Defence Minister Peter MacKay thinks NATO will come through with an additional 1,000 troops to bolster beleaguered Canadian forces in Afghanistan's Kandahar province.
"Those 1,000 extra troops -- that is really a minimum," MacKay told a conference Sunday in Brussels.
He would prefer the troops come from a single nation, and expects the pledge to be made either before or during a NATO summit that starts April 2 in Bucharest, Romania.
Arif Lalani, Canada's ambassador to Afghanistan, told CTV's Question Period on Sunday that he was also confident that NATO would come through for Canada.
As to who would supply them, "I think those discussions are ongoing," he said.
Parliament passed a motion on Thursday extending the Afghan mission to December 2011, but made it contingent on receiving more troops and some additional equipment from its NATO allies.
Canada wants some unmanned aerial drones and medium-lift helicopters.
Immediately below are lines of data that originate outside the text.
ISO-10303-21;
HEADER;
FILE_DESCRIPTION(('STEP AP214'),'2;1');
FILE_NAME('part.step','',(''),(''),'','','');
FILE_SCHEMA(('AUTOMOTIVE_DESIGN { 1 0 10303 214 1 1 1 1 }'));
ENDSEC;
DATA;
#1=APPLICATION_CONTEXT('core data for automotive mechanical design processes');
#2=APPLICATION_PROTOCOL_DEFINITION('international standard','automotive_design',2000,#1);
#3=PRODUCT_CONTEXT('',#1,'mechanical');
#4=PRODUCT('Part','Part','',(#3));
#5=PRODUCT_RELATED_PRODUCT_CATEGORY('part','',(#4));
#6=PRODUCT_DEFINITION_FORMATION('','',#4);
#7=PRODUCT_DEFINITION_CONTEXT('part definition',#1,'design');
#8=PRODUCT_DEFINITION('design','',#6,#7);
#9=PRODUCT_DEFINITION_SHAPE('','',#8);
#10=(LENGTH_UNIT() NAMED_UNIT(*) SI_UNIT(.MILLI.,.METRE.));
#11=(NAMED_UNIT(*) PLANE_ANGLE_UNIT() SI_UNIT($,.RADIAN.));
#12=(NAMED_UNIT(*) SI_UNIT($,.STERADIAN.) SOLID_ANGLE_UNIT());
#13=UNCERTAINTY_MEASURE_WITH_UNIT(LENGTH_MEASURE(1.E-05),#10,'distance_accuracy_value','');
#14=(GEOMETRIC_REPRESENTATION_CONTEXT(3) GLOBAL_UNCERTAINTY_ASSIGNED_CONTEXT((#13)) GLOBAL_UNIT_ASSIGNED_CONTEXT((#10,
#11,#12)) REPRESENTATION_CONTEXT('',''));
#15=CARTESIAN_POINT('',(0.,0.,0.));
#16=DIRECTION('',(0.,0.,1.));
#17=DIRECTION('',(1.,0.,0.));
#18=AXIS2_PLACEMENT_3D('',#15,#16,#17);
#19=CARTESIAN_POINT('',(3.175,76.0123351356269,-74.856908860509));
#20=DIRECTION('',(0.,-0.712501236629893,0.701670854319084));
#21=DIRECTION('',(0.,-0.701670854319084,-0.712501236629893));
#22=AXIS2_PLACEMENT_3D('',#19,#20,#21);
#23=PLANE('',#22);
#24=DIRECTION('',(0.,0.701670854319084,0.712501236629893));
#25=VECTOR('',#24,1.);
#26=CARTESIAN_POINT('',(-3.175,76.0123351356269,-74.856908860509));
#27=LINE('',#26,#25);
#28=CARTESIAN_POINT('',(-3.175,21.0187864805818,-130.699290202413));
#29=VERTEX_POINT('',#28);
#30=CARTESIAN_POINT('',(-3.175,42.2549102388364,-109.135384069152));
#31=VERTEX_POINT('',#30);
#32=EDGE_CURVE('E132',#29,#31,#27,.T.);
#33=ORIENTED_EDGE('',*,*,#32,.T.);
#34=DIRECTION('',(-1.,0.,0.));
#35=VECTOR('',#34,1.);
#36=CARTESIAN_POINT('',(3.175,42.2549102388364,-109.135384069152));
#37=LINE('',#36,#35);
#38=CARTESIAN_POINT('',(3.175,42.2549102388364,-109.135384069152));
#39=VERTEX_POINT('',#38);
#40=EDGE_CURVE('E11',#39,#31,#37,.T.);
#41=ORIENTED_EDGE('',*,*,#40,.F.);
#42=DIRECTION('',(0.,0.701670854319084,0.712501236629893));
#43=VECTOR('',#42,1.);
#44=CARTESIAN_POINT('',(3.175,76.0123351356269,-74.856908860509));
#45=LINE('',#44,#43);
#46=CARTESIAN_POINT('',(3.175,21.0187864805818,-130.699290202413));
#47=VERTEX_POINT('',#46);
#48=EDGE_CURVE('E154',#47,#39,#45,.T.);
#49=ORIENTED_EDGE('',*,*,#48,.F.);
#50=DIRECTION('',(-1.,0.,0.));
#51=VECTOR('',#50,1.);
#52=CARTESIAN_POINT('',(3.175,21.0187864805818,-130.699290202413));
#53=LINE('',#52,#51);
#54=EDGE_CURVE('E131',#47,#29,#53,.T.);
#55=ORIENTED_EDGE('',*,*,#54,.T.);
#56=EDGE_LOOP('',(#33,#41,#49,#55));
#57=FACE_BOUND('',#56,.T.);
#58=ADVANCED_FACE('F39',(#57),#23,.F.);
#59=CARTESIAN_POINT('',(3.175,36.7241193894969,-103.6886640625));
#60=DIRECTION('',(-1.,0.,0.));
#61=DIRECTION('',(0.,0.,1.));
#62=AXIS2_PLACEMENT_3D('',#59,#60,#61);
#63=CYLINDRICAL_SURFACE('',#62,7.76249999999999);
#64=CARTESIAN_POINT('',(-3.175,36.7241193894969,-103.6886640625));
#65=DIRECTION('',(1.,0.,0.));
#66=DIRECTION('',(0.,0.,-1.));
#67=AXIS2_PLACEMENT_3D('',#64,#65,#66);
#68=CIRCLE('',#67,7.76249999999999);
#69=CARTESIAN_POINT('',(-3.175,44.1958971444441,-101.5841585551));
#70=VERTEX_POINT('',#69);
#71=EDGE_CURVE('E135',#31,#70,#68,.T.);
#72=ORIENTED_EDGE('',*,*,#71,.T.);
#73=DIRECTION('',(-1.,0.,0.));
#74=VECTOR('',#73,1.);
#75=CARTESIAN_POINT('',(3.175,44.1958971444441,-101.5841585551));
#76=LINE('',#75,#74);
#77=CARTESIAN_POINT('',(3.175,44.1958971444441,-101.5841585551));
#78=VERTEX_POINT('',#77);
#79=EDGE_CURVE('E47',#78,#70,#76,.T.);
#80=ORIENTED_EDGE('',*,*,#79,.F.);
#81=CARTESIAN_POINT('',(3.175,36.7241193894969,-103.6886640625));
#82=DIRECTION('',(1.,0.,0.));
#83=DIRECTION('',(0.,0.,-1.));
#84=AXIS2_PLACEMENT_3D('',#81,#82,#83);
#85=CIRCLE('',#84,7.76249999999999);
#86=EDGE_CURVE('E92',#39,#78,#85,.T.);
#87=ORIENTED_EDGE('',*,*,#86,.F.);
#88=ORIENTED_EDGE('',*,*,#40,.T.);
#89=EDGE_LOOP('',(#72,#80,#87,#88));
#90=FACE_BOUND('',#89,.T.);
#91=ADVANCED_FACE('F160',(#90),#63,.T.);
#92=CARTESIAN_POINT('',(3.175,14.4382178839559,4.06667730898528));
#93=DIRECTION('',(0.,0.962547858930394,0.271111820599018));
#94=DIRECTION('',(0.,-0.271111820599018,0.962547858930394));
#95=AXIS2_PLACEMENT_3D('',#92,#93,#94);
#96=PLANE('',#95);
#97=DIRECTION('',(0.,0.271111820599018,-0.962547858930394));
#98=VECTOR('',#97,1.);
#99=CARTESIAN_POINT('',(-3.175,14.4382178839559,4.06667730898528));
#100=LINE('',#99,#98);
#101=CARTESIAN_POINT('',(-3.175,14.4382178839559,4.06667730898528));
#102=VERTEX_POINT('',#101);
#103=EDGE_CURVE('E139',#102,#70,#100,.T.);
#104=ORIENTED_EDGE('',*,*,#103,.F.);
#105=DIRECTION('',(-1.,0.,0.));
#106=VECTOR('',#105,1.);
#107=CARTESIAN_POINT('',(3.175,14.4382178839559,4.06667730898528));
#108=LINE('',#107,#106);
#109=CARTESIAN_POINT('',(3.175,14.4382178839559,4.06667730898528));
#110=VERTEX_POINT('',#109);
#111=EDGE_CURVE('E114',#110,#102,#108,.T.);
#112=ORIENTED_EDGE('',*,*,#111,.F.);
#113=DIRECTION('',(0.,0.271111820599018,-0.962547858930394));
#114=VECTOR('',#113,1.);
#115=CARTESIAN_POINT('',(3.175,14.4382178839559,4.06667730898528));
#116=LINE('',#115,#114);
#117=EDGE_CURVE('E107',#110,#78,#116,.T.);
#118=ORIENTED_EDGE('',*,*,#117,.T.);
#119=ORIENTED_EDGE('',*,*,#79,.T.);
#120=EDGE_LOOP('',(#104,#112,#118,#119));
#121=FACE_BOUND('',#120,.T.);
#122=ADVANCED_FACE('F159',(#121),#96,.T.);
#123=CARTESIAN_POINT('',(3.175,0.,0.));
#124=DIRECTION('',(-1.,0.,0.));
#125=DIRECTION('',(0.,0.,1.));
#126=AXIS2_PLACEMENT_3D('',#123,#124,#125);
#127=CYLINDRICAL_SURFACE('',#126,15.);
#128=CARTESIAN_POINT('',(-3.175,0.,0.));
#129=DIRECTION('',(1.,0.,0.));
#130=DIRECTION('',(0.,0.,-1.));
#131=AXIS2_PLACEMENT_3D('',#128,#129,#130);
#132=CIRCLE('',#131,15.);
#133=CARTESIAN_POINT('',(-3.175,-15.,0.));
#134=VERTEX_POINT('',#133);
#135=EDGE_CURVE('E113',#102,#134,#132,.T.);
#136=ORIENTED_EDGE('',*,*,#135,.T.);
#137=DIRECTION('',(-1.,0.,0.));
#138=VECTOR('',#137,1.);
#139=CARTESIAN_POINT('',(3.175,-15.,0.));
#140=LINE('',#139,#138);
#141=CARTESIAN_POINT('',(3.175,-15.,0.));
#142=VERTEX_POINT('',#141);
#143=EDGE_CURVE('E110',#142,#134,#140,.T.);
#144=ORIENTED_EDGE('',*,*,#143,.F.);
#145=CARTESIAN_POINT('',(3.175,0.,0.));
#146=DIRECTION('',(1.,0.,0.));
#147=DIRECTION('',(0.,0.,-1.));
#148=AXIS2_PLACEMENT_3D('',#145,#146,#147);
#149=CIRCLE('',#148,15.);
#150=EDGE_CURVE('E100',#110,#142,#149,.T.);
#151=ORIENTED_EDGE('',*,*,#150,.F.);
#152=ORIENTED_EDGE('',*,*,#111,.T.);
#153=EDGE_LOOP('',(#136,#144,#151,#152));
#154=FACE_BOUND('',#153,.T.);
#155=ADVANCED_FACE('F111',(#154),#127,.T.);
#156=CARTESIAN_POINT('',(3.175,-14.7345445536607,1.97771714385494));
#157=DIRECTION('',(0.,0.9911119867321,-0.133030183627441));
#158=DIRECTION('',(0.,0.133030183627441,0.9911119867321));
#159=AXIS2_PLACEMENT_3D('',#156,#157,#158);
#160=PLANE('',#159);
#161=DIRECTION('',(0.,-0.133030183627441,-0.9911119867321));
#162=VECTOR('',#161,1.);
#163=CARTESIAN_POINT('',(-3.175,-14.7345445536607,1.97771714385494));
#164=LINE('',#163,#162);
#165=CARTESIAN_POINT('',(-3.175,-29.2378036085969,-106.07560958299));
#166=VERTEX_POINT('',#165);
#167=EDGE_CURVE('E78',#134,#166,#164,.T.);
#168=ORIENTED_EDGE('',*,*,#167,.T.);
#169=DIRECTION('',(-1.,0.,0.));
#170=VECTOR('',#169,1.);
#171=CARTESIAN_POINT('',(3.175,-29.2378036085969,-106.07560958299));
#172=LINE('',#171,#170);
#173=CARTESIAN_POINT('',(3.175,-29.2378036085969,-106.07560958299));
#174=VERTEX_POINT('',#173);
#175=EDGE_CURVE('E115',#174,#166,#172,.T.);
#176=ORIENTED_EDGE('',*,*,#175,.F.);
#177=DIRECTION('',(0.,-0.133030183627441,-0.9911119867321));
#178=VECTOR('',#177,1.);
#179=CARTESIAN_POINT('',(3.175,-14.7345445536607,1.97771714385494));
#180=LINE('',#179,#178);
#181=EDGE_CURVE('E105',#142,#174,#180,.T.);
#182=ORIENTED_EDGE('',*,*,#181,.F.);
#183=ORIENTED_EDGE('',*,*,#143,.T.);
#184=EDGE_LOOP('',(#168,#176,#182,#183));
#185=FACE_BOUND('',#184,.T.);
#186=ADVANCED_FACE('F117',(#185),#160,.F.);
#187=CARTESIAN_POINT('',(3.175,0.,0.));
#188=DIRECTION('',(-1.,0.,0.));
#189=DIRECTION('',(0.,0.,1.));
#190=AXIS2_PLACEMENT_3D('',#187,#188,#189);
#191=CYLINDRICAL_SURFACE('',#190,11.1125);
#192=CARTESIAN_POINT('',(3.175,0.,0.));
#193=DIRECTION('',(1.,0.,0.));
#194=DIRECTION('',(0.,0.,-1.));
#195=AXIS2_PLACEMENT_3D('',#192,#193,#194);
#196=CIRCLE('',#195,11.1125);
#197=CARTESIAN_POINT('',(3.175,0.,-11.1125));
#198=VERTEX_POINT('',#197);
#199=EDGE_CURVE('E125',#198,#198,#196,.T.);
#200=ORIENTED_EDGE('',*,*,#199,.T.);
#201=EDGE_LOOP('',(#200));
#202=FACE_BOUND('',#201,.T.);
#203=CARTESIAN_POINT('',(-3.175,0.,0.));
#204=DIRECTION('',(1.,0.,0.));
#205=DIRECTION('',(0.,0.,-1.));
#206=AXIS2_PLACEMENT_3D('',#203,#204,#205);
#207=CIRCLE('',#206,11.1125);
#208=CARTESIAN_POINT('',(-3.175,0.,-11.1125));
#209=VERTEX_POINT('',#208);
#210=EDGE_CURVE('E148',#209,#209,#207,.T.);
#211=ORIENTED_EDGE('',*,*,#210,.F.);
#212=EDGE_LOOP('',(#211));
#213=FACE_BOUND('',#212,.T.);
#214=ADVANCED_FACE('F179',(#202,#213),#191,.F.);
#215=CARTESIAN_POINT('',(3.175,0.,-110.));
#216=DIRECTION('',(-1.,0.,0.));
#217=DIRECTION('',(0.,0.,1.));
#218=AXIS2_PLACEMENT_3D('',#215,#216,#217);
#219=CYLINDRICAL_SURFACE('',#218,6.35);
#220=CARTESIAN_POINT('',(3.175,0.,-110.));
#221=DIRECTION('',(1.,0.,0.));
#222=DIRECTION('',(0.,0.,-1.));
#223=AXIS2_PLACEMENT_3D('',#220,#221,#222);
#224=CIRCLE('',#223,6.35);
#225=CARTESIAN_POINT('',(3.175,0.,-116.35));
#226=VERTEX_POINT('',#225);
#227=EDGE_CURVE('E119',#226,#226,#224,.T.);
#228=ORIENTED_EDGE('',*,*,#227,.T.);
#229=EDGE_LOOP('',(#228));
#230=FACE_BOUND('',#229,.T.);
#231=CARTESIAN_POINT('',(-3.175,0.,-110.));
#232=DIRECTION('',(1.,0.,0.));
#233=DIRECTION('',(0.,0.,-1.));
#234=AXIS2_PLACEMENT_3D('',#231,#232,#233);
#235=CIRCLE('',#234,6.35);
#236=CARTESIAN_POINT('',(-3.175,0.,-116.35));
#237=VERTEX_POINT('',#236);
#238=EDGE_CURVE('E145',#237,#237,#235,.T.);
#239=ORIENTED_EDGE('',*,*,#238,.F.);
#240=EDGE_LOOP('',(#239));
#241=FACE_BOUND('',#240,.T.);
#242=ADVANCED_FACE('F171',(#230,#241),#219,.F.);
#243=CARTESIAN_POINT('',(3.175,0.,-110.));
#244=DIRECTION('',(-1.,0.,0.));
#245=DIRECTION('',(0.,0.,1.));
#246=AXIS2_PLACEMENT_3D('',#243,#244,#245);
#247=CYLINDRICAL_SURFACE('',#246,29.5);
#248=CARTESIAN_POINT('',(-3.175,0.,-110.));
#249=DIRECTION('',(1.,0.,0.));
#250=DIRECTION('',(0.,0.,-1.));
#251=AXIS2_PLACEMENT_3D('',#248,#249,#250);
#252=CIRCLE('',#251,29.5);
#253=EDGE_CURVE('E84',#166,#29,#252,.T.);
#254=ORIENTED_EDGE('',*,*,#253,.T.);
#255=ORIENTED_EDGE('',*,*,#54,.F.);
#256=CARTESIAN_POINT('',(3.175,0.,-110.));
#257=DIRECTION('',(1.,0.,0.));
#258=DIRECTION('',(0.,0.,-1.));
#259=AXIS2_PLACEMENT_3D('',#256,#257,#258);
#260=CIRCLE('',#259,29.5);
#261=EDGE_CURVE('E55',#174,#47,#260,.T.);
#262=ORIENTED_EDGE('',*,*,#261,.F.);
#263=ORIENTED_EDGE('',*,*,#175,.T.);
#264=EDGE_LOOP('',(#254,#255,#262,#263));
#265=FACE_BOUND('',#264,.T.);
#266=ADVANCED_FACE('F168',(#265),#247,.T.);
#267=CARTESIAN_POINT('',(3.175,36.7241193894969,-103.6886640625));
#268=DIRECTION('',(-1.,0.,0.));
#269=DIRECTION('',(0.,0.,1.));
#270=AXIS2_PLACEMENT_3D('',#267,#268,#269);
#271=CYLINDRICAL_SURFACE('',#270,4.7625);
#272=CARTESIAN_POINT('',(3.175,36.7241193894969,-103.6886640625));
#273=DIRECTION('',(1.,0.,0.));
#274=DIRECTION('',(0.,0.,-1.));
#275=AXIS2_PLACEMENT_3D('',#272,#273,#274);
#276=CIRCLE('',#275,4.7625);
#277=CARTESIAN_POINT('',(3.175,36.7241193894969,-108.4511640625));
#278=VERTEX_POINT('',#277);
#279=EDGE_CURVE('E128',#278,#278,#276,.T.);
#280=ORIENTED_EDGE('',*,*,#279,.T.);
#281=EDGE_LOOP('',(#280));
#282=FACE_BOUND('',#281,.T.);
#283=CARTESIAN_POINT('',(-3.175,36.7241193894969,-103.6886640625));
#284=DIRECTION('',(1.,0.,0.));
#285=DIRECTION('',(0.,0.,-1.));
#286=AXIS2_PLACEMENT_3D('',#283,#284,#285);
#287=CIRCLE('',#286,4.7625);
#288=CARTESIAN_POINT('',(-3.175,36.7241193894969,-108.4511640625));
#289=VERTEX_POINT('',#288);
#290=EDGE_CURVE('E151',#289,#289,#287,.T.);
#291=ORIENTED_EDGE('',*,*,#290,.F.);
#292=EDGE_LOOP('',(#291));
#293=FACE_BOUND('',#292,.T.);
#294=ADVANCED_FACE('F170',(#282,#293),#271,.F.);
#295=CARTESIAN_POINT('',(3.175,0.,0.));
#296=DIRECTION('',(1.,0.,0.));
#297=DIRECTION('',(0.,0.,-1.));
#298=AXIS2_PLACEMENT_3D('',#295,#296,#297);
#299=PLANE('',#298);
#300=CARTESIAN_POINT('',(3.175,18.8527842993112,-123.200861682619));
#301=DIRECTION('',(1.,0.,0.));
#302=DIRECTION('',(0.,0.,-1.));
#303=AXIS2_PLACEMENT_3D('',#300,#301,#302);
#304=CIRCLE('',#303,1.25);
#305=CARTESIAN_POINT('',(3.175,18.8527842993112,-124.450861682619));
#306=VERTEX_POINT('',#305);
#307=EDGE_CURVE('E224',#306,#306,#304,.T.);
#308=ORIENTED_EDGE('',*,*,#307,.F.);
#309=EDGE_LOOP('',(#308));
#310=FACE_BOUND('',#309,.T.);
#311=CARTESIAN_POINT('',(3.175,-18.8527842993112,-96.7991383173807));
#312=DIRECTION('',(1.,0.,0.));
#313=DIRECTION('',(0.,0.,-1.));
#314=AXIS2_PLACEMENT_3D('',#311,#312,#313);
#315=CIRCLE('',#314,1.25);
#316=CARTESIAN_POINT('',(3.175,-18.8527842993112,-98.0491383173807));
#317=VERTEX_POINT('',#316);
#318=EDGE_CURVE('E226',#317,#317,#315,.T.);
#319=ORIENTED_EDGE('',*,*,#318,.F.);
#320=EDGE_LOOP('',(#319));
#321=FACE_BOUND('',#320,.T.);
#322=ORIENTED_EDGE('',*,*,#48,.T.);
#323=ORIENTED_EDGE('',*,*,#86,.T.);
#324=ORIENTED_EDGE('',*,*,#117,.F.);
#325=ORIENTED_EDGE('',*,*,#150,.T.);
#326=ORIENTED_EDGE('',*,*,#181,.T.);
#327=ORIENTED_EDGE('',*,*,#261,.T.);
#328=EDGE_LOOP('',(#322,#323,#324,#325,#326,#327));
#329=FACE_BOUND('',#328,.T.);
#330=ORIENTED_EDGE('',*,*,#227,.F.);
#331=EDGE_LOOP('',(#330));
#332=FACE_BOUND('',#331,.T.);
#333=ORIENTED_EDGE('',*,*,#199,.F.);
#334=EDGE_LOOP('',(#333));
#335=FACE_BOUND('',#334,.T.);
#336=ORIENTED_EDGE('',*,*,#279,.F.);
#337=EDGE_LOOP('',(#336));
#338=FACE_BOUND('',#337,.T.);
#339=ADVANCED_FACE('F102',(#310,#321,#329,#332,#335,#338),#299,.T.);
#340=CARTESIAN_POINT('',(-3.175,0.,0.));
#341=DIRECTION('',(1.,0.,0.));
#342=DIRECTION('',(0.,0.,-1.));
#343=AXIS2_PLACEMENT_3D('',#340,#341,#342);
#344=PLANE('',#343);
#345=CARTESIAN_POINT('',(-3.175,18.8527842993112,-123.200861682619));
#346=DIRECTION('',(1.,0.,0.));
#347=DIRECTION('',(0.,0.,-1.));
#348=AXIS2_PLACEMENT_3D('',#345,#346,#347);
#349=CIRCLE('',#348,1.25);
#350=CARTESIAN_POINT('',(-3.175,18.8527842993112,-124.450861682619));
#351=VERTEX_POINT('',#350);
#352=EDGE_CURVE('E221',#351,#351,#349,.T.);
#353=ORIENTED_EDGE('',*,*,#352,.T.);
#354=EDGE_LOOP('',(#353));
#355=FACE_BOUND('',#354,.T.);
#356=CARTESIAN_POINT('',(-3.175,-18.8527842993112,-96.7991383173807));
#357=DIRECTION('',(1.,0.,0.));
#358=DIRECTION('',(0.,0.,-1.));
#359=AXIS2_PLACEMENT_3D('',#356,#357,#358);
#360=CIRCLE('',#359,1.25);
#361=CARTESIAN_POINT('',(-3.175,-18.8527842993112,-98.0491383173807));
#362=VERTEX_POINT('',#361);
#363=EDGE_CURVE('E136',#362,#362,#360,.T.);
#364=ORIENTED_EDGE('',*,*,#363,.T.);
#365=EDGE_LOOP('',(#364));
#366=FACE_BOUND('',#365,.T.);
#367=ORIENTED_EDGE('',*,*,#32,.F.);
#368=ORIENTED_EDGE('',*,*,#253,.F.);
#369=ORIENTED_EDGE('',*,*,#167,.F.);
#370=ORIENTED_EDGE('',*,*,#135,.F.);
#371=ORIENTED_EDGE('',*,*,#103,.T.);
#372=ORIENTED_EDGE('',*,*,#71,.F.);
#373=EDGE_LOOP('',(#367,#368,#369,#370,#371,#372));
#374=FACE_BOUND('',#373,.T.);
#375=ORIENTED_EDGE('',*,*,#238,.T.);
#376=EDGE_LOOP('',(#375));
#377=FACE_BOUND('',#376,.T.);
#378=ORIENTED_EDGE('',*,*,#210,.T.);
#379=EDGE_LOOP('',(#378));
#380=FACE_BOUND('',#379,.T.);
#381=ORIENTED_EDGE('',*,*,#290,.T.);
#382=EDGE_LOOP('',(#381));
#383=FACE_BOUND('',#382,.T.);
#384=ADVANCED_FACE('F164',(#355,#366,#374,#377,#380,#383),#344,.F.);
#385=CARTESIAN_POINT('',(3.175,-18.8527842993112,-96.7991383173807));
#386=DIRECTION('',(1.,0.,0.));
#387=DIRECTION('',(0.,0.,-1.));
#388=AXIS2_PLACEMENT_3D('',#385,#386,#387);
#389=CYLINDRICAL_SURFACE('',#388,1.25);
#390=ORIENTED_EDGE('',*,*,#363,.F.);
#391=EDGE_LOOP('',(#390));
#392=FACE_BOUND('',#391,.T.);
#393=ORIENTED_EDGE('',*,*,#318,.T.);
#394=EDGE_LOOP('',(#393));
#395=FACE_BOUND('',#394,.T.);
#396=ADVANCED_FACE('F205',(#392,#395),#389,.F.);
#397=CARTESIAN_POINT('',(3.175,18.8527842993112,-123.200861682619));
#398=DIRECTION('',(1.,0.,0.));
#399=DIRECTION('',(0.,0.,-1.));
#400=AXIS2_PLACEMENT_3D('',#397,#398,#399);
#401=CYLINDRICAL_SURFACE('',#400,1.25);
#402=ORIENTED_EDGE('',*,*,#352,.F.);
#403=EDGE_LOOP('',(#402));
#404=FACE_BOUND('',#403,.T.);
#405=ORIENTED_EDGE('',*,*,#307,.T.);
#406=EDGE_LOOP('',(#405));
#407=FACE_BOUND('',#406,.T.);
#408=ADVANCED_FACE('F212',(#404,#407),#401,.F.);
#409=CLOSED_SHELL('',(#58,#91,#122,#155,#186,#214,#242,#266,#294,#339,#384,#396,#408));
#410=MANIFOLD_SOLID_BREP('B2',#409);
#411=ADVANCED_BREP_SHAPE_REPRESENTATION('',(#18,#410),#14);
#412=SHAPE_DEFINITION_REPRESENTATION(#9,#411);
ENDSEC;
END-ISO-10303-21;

Lalani said Canadian military and civilian personnel in Afghanistan saw the motion as a vote of confidence in their work.
The motion sets an end date for Canada, which Lalani said sets out a "clear Canadian position all of our allies and the Afghan government."
The motion also called for Canada's role to evolve, with more emphasis on training Afghan soldiers and reconstruction efforts.
A long mission
Some military experts think the Kandahar mission needs another 10,000 troops, let alone 1,000.
"More troops would be better," Lalani said. "We're also getting more troops, in a sense, because we're training the Afghan army."
Lalani claimed that more ground is being held in Kandahar and that development work is proceeding.
He couldn't give an estimate of when Afghans would be ready to take care of their own security and governance, only saying, "The time is shorter and shorter with each day."
Over the next year, there will be more tangible evidence of "Afghanization," he said.
MacKay told the German Marshall Fund of the United States conference, which debates trans-Atlantic security issues, that one shouldn't be too quick to talk about a NATO exit strategy from the Afghan mission.
"This type of insurgency is a long and abiding challenge. This is going to take a consistent, long-term effort," MacKay said.
Canadian forces are operating in one of the most violent parts of Afghanistan. Eighty Canadian soldiers have died since 2002, along with one diplomat and a civilian aid worker.
At the conference, NATO Secretary General Jaap de Hoop Scheffer told the audience that the alliance's strategic thinking should also encompass climate change and energy security.
"Climate change will put many of our key resources like food, water and land under considerable stress. The global competition for energy and natural resources will redefine the relationship between security and economics," he said.
"Our growing reliance on information technology will make our societies more vulnerable to electronic warfare," de Hoop Scheffer said.
"At the same time, collective defence, NATO's core function, will and must remain a precious commodity."